Collected my Hybrid Sealant today as well. Dry and Shine coming via post.


Pespro said:


> Would you guys say this is on par with Dry and Shine? I still have that to use, plus Gyeon Wetcoat to finish..


I'd like someone like the Forensic Detailing Channel to pitch Dry and shine vsbthe Hybrid Sealant. Both rate well, but not in the same group tests due to the different applications.


----------



## BobbyNelson (May 8, 2011)

GSB1 said:


> I'd like someone like the Forensic Detailing Channel to pitch Dry and shine vsbthe Hybrid Sealant. Both rate well, but not in the same group tests due to the different applications.


Great idea. Would be very interested to see how they compare.


----------



## NeilTXJ (Nov 16, 2019)

Is this no longer available - can’t find on website


----------



## Andyblue (Jun 20, 2017)

NeilTXJ said:


> Is this no longer available - can't find on website


Here you go...

https://www.eurocarparts.com/p/turtlewax-sealant-wax-500ml-552777331


----------



## 20vKarlos (Aug 8, 2009)

I think what he means is, ARMY35 code isn’t working.

I just tried it on impulse and it didn’t work


----------



## Walesy. (Oct 1, 2009)

No codes working now, tried the above to, but nothing


----------



## NeilTXJ (Nov 16, 2019)

Andyblue said:


> Here you go...
> 
> https://www.eurocarparts.com/p/turtlewax-sealant-wax-500ml-552777331


Thanks. Not sure why search didn't show but codes aren't working now anyway.


----------



## James_R (Jun 28, 2007)

Picked up my 4 bottles at lunchtime today.
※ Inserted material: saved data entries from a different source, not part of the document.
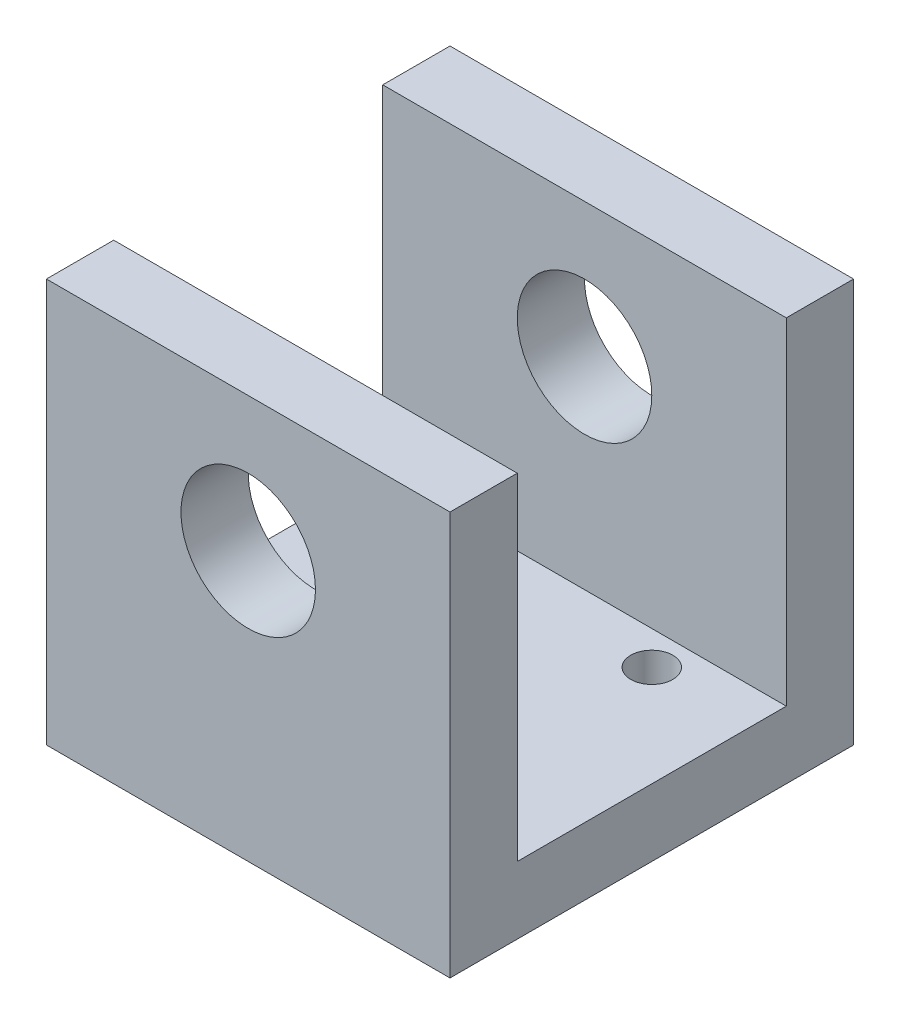
ISO-10303-21;
HEADER;
FILE_DESCRIPTION(('STEP AP214'),'2;1');
FILE_NAME('part.step','',(''),(''),'','','');
FILE_SCHEMA(('AUTOMOTIVE_DESIGN { 1 0 10303 214 1 1 1 1 }'));
ENDSEC;
DATA;
#1=APPLICATION_CONTEXT('core data for automotive mechanical design processes');
#2=APPLICATION_PROTOCOL_DEFINITION('international standard','automotive_design',2000,#1);
#3=PRODUCT_CONTEXT('',#1,'mechanical');
#4=PRODUCT('Part','Part','',(#3));
#5=PRODUCT_RELATED_PRODUCT_CATEGORY('part','',(#4));
#6=PRODUCT_DEFINITION_FORMATION('','',#4);
#7=PRODUCT_DEFINITION_CONTEXT('part definition',#1,'design');
#8=PRODUCT_DEFINITION('design','',#6,#7);
#9=PRODUCT_DEFINITION_SHAPE('','',#8);
#10=(LENGTH_UNIT() NAMED_UNIT(*) SI_UNIT(.MILLI.,.METRE.));
#11=(NAMED_UNIT(*) PLANE_ANGLE_UNIT() SI_UNIT($,.RADIAN.));
#12=(NAMED_UNIT(*) SI_UNIT($,.STERADIAN.) SOLID_ANGLE_UNIT());
#13=UNCERTAINTY_MEASURE_WITH_UNIT(LENGTH_MEASURE(1.E-05),#10,'distance_accuracy_value','');
#14=(GEOMETRIC_REPRESENTATION_CONTEXT(3) GLOBAL_UNCERTAINTY_ASSIGNED_CONTEXT((#13)) GLOBAL_UNIT_ASSIGNED_CONTEXT((#10,
#11,#12)) REPRESENTATION_CONTEXT('',''));
#15=CARTESIAN_POINT('',(0.,0.,0.));
#16=DIRECTION('',(0.,0.,1.));
#17=DIRECTION('',(1.,0.,0.));
#18=AXIS2_PLACEMENT_3D('',#15,#16,#17);
#19=CARTESIAN_POINT('',(57.15,12.7,-57.15));
#20=DIRECTION('',(0.,1.,0.));
#21=DIRECTION('',(0.,0.,1.));
#22=AXIS2_PLACEMENT_3D('',#19,#20,#21);
#23=CYLINDRICAL_SURFACE('',#22,3.96875);
#24=CARTESIAN_POINT('',(57.15,0.,-57.15));
#25=DIRECTION('',(0.,1.,0.));
#26=DIRECTION('',(0.,0.,1.));
#27=AXIS2_PLACEMENT_3D('',#24,#25,#26);
#28=CIRCLE('',#27,3.96875);
#29=CARTESIAN_POINT('',(57.15,0.,-53.18125));
#30=VERTEX_POINT('',#29);
#31=EDGE_CURVE('E47',#30,#30,#28,.T.);
#32=ORIENTED_EDGE('',*,*,#31,.F.);
#33=EDGE_LOOP('',(#32));
#34=FACE_BOUND('',#33,.T.);
#35=CARTESIAN_POINT('',(57.15,12.7,-57.15));
#36=DIRECTION('',(0.,1.,0.));
#37=DIRECTION('',(0.,0.,1.));
#38=AXIS2_PLACEMENT_3D('',#35,#36,#37);
#39=CIRCLE('',#38,3.96875);
#40=CARTESIAN_POINT('',(57.15,12.7,-53.18125));
#41=VERTEX_POINT('',#40);
#42=EDGE_CURVE('E11',#41,#41,#39,.T.);
#43=ORIENTED_EDGE('',*,*,#42,.T.);
#44=EDGE_LOOP('',(#43));
#45=FACE_BOUND('',#44,.T.);
#46=ADVANCED_FACE('F39',(#34,#45),#23,.F.);
#47=CARTESIAN_POINT('',(19.05,12.7,-57.15));
#48=DIRECTION('',(0.,1.,0.));
#49=DIRECTION('',(0.,0.,1.));
#50=AXIS2_PLACEMENT_3D('',#47,#48,#49);
#51=CYLINDRICAL_SURFACE('',#50,3.96875);
#52=CARTESIAN_POINT('',(19.05,0.,-57.15));
#53=DIRECTION('',(0.,1.,0.));
#54=DIRECTION('',(0.,0.,1.));
#55=AXIS2_PLACEMENT_3D('',#52,#53,#54);
#56=CIRCLE('',#55,3.96875);
#57=CARTESIAN_POINT('',(19.05,0.,-53.18125));
#58=VERTEX_POINT('',#57);
#59=EDGE_CURVE('E167',#58,#58,#56,.T.);
#60=ORIENTED_EDGE('',*,*,#59,.F.);
#61=EDGE_LOOP('',(#60));
#62=FACE_BOUND('',#61,.T.);
#63=CARTESIAN_POINT('',(19.05,12.7,-57.15));
#64=DIRECTION('',(0.,1.,0.));
#65=DIRECTION('',(0.,0.,1.));
#66=AXIS2_PLACEMENT_3D('',#63,#64,#65);
#67=CIRCLE('',#66,3.96875);
#68=CARTESIAN_POINT('',(19.05,12.7,-53.18125));
#69=VERTEX_POINT('',#68);
#70=EDGE_CURVE('E174',#69,#69,#67,.T.);
#71=ORIENTED_EDGE('',*,*,#70,.T.);
#72=EDGE_LOOP('',(#71));
#73=FACE_BOUND('',#72,.T.);
#74=ADVANCED_FACE('F183',(#62,#73),#51,.F.);
#75=CARTESIAN_POINT('',(76.2,76.2,0.));
#76=DIRECTION('',(0.,0.,-1.));
#77=DIRECTION('',(0.,1.,0.));
#78=AXIS2_PLACEMENT_3D('',#75,#76,#77);
#79=PLANE('',#78);
#80=CARTESIAN_POINT('',(38.1,50.8,0.));
#81=DIRECTION('',(0.,0.,1.));
#82=DIRECTION('',(1.,0.,0.));
#83=AXIS2_PLACEMENT_3D('',#80,#81,#82);
#84=CIRCLE('',#83,12.7);
#85=CARTESIAN_POINT('',(50.8,50.8,0.));
#86=VERTEX_POINT('',#85);
#87=EDGE_CURVE('E312',#86,#86,#84,.T.);
#88=ORIENTED_EDGE('',*,*,#87,.F.);
#89=EDGE_LOOP('',(#88));
#90=FACE_BOUND('',#89,.T.);
#91=DIRECTION('',(0.,-1.,0.));
#92=VECTOR('',#91,1.);
#93=CARTESIAN_POINT('',(0.,76.2,0.));
#94=LINE('',#93,#92);
#95=CARTESIAN_POINT('',(0.,76.2,0.));
#96=VERTEX_POINT('',#95);
#97=CARTESIAN_POINT('',(0.,0.,0.));
#98=VERTEX_POINT('',#97);
#99=EDGE_CURVE('E137',#96,#98,#94,.T.);
#100=ORIENTED_EDGE('',*,*,#99,.T.);
#101=DIRECTION('',(-1.,0.,0.));
#102=VECTOR('',#101,1.);
#103=CARTESIAN_POINT('',(76.2,0.,0.));
#104=LINE('',#103,#102);
#105=CARTESIAN_POINT('',(76.2,0.,0.));
#106=VERTEX_POINT('',#105);
#107=EDGE_CURVE('E165',#106,#98,#104,.T.);
#108=ORIENTED_EDGE('',*,*,#107,.F.);
#109=DIRECTION('',(0.,-1.,0.));
#110=VECTOR('',#109,1.);
#111=CARTESIAN_POINT('',(76.2,76.2,0.));
#112=LINE('',#111,#110);
#113=CARTESIAN_POINT('',(76.2,76.2,0.));
#114=VERTEX_POINT('',#113);
#115=EDGE_CURVE('E152',#114,#106,#112,.T.);
#116=ORIENTED_EDGE('',*,*,#115,.F.);
#117=DIRECTION('',(-1.,0.,0.));
#118=VECTOR('',#117,1.);
#119=CARTESIAN_POINT('',(76.2,76.2,0.));
#120=LINE('',#119,#118);
#121=EDGE_CURVE('E133',#114,#96,#120,.T.);
#122=ORIENTED_EDGE('',*,*,#121,.T.);
#123=EDGE_LOOP('',(#100,#108,#116,#122));
#124=FACE_BOUND('',#123,.T.);
#125=ADVANCED_FACE('F214',(#90,#124),#79,.F.);
#126=CARTESIAN_POINT('',(76.2,0.,0.));
#127=DIRECTION('',(0.,1.,0.));
#128=DIRECTION('',(0.,0.,1.));
#129=AXIS2_PLACEMENT_3D('',#126,#127,#128);
#130=PLANE('',#129);
#131=CARTESIAN_POINT('',(57.15,0.,-19.05));
#132=DIRECTION('',(0.,1.,0.));
#133=DIRECTION('',(0.,0.,1.));
#134=AXIS2_PLACEMENT_3D('',#131,#132,#133);
#135=CIRCLE('',#134,3.96875);
#136=CARTESIAN_POINT('',(57.15,0.,-15.08125));
#137=VERTEX_POINT('',#136);
#138=EDGE_CURVE('E315',#137,#137,#135,.T.);
#139=ORIENTED_EDGE('',*,*,#138,.T.);
#140=EDGE_LOOP('',(#139));
#141=FACE_BOUND('',#140,.T.);
#142=CARTESIAN_POINT('',(19.05,0.,-19.05));
#143=DIRECTION('',(0.,1.,0.));
#144=DIRECTION('',(0.,0.,1.));
#145=AXIS2_PLACEMENT_3D('',#142,#143,#144);
#146=CIRCLE('',#145,3.96875);
#147=CARTESIAN_POINT('',(19.05,0.,-15.08125));
#148=VERTEX_POINT('',#147);
#149=EDGE_CURVE('E306',#148,#148,#146,.T.);
#150=ORIENTED_EDGE('',*,*,#149,.T.);
#151=EDGE_LOOP('',(#150));
#152=FACE_BOUND('',#151,.T.);
#153=DIRECTION('',(0.,0.,-1.));
#154=VECTOR('',#153,1.);
#155=CARTESIAN_POINT('',(0.,0.,0.));
#156=LINE('',#155,#154);
#157=CARTESIAN_POINT('',(0.,0.,-76.2));
#158=VERTEX_POINT('',#157);
#159=EDGE_CURVE('E140',#98,#158,#156,.T.);
#160=ORIENTED_EDGE('',*,*,#159,.T.);
#161=DIRECTION('',(-1.,0.,0.));
#162=VECTOR('',#161,1.);
#163=CARTESIAN_POINT('',(76.2,0.,-76.2));
#164=LINE('',#163,#162);
#165=CARTESIAN_POINT('',(76.2,0.,-76.2));
#166=VERTEX_POINT('',#165);
#167=EDGE_CURVE('E162',#166,#158,#164,.T.);
#168=ORIENTED_EDGE('',*,*,#167,.F.);
#169=DIRECTION('',(0.,0.,-1.));
#170=VECTOR('',#169,1.);
#171=CARTESIAN_POINT('',(76.2,0.,0.));
#172=LINE('',#171,#170);
#173=EDGE_CURVE('E99',#106,#166,#172,.T.);
#174=ORIENTED_EDGE('',*,*,#173,.F.);
#175=ORIENTED_EDGE('',*,*,#107,.T.);
#176=EDGE_LOOP('',(#160,#168,#174,#175));
#177=FACE_BOUND('',#176,.T.);
#178=ORIENTED_EDGE('',*,*,#59,.T.);
#179=EDGE_LOOP('',(#178));
#180=FACE_BOUND('',#179,.T.);
#181=ORIENTED_EDGE('',*,*,#31,.T.);
#182=EDGE_LOOP('',(#181));
#183=FACE_BOUND('',#182,.T.);
#184=ADVANCED_FACE('F179',(#141,#152,#177,#180,#183),#130,.F.);
#185=CARTESIAN_POINT('',(76.2,0.,-76.2));
#186=DIRECTION('',(0.,0.,1.));
#187=DIRECTION('',(0.,-1.,0.));
#188=AXIS2_PLACEMENT_3D('',#185,#186,#187);
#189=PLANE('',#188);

Sprayed some on the bonnet of a wet car in the workshop, wiped half dry with a mf towel and buffed.

Took it outside and sprayed it with the pressure washer and it was beading quite nicely.
Impressive thing was how little water remained on the Turtlewax side compared to the other.

Initial impressions good, looking forward to getting my car washed and I'll apply a layer of this after I've quickly clayed it.


----------



## bidderman1969 (Oct 20, 2006)

Should this work over something like the ceramic wax I have already applied?


----------



## Andy from Sandy (May 6, 2011)

When it comes to layering product as far as I see it is so long as they do not contain petroleum distillates or some other cleansers then it should not be a problem.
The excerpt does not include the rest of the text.